* Problem statement
Please print each record that follows precisely as it appears.

* Data to examine

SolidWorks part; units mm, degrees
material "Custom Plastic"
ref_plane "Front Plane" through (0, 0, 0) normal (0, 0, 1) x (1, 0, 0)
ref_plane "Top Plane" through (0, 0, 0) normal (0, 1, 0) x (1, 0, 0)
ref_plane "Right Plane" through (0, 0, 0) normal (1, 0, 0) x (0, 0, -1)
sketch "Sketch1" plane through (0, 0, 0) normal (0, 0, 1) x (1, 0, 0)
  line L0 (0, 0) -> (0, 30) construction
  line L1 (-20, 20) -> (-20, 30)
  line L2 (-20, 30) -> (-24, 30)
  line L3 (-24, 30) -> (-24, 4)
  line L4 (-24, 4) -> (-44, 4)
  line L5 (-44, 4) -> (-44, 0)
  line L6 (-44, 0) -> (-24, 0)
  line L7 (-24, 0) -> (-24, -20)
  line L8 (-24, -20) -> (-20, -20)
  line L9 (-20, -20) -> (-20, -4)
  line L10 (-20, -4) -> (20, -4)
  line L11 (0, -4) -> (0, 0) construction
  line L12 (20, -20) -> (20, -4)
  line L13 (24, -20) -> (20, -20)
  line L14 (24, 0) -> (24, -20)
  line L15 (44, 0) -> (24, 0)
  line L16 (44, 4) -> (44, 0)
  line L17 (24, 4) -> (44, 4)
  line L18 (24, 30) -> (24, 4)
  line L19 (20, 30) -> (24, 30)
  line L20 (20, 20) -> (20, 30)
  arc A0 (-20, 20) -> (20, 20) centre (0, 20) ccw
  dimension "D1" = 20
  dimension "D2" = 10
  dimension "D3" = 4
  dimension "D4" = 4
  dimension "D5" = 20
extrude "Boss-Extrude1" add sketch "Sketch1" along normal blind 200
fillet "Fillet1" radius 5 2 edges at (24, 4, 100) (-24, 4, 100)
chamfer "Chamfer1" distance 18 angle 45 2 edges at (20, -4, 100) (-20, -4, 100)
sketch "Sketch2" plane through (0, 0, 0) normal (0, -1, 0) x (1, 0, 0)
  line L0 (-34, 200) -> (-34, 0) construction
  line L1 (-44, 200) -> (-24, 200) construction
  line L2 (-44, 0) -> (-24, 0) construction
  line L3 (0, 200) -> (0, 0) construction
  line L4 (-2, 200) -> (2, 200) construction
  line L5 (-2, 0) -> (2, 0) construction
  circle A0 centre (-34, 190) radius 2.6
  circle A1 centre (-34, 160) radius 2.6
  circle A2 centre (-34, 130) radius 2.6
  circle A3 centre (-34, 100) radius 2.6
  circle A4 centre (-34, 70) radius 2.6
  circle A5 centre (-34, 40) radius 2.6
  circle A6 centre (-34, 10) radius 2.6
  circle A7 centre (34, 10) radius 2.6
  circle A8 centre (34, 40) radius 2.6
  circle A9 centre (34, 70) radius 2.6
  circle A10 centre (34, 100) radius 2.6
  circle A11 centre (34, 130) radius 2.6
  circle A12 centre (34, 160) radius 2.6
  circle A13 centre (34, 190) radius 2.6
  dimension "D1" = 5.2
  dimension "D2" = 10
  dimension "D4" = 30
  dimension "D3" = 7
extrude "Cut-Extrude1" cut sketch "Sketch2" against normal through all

* Task solution
SolidWorks part; units mm, degrees
material "Custom Plastic"
ref_plane "Front Plane" through (0, 0, 0) normal (0, 0, 1) x (1, 0, 0)
ref_plane "Top Plane" through (0, 0, 0) normal (0, 1, 0) x (1, 0, 0)
ref_plane "Right Plane" through (0, 0, 0) normal (1, 0, 0) x (0, 0, -1)
sketch "Sketch1" plane through (0, 0, 0) normal (0, 0, 1) x (1, 0, 0)
  line L0 (0, 0) -> (0, 30) construction
  line L1 (-20, 20) -> (-20, 30)
  line L2 (-20, 30) -> (-24, 30)
  line L3 (-24, 30) -> (-24, 4)
  line L4 (-24, 4) -> (-44, 4)
  line L5 (-44, 4) -> (-44, 0)
  line L6 (-44, 0) -> (-24, 0)
  line L7 (-24, 0) -> (-24, -20)
  line L8 (-24, -20) -> (-20, -20)
  line L9 (-20, -20) -> (-20, -4)
  line L10 (-20, -4) -> (20, -4)
  line L11 (0, -4) -> (0, 0) construction
  line L12 (20, -20) -> (20, -4)
  line L13 (24, -20) -> (20, -20)
  line L14 (24, 0) -> (24, -20)
  line L15 (44, 0) -> (24, 0)
  line L16 (44, 4) -> (44, 0)
  line L17 (24, 4) -> (44, 4)
  line L18 (24, 30) -> (24, 4)
  line L19 (20, 30) -> (24, 30)
  line L20 (20, 20) -> (20, 30)
  arc A0 (-20, 20) -> (20, 20) centre (0, 20) ccw
  dimension "D1" = 20
  dimension "D2" = 10
  dimension "D3" = 4
  dimension "D4" = 4
  dimension "D5" = 20
extrude "Boss-Extrude1" add sketch "Sketch1" along normal blind 200
fillet "Fillet1" radius 5 2 edges at (24, 4, 100) (-24, 4, 100)
chamfer "Chamfer1" distance 18 angle 45 2 edges at (20, -4, 100) (-20, -4, 100)
sketch "Sketch2" plane through (0, 0, 0) normal (0, -1, 0) x (1, 0, 0)
  line L0 (-34, 200) -> (-34, 0) construction
  line L1 (-44, 200) -> (-24, 200) construction
  line L2 (-44, 0) -> (-24, 0) construction
  line L3 (0, 200) -> (0, 0) construction
  line L4 (-2, 200) -> (2, 200) construction
  line L5 (-2, 0) -> (2, 0) construction
  circle A0 centre (-34, 190) radius 2.6
  circle A1 centre (-34, 160) radius 2.6
  circle A2 centre (-34, 130) radius 2.6
  circle A3 centre (-34, 100) radius 2.6
  circle A4 centre (-34, 70) radius 2.6
  circle A5 centre (-34, 40) radius 2.6
  circle A6 centre (-34, 10) radius 2.6
  circle A7 centre (34, 10) radius 2.6
  circle A8 centre (34, 40) radius 2.6
  circle A9 centre (34, 70) radius 2.6
  circle A10 centre (34, 100) radius 2.6
  circle A11 centre (34, 130) radius 2.6
  circle A12 centre (34, 160) radius 2.6
  circle A13 centre (34, 190) radius 2.6
  dimension "D1" = 5.2
  dimension "D2" = 10
  dimension "D4" = 30
  dimension "D3" = 7
extrude "Cut-Extrude1" cut sketch "Sketch2" against normal through all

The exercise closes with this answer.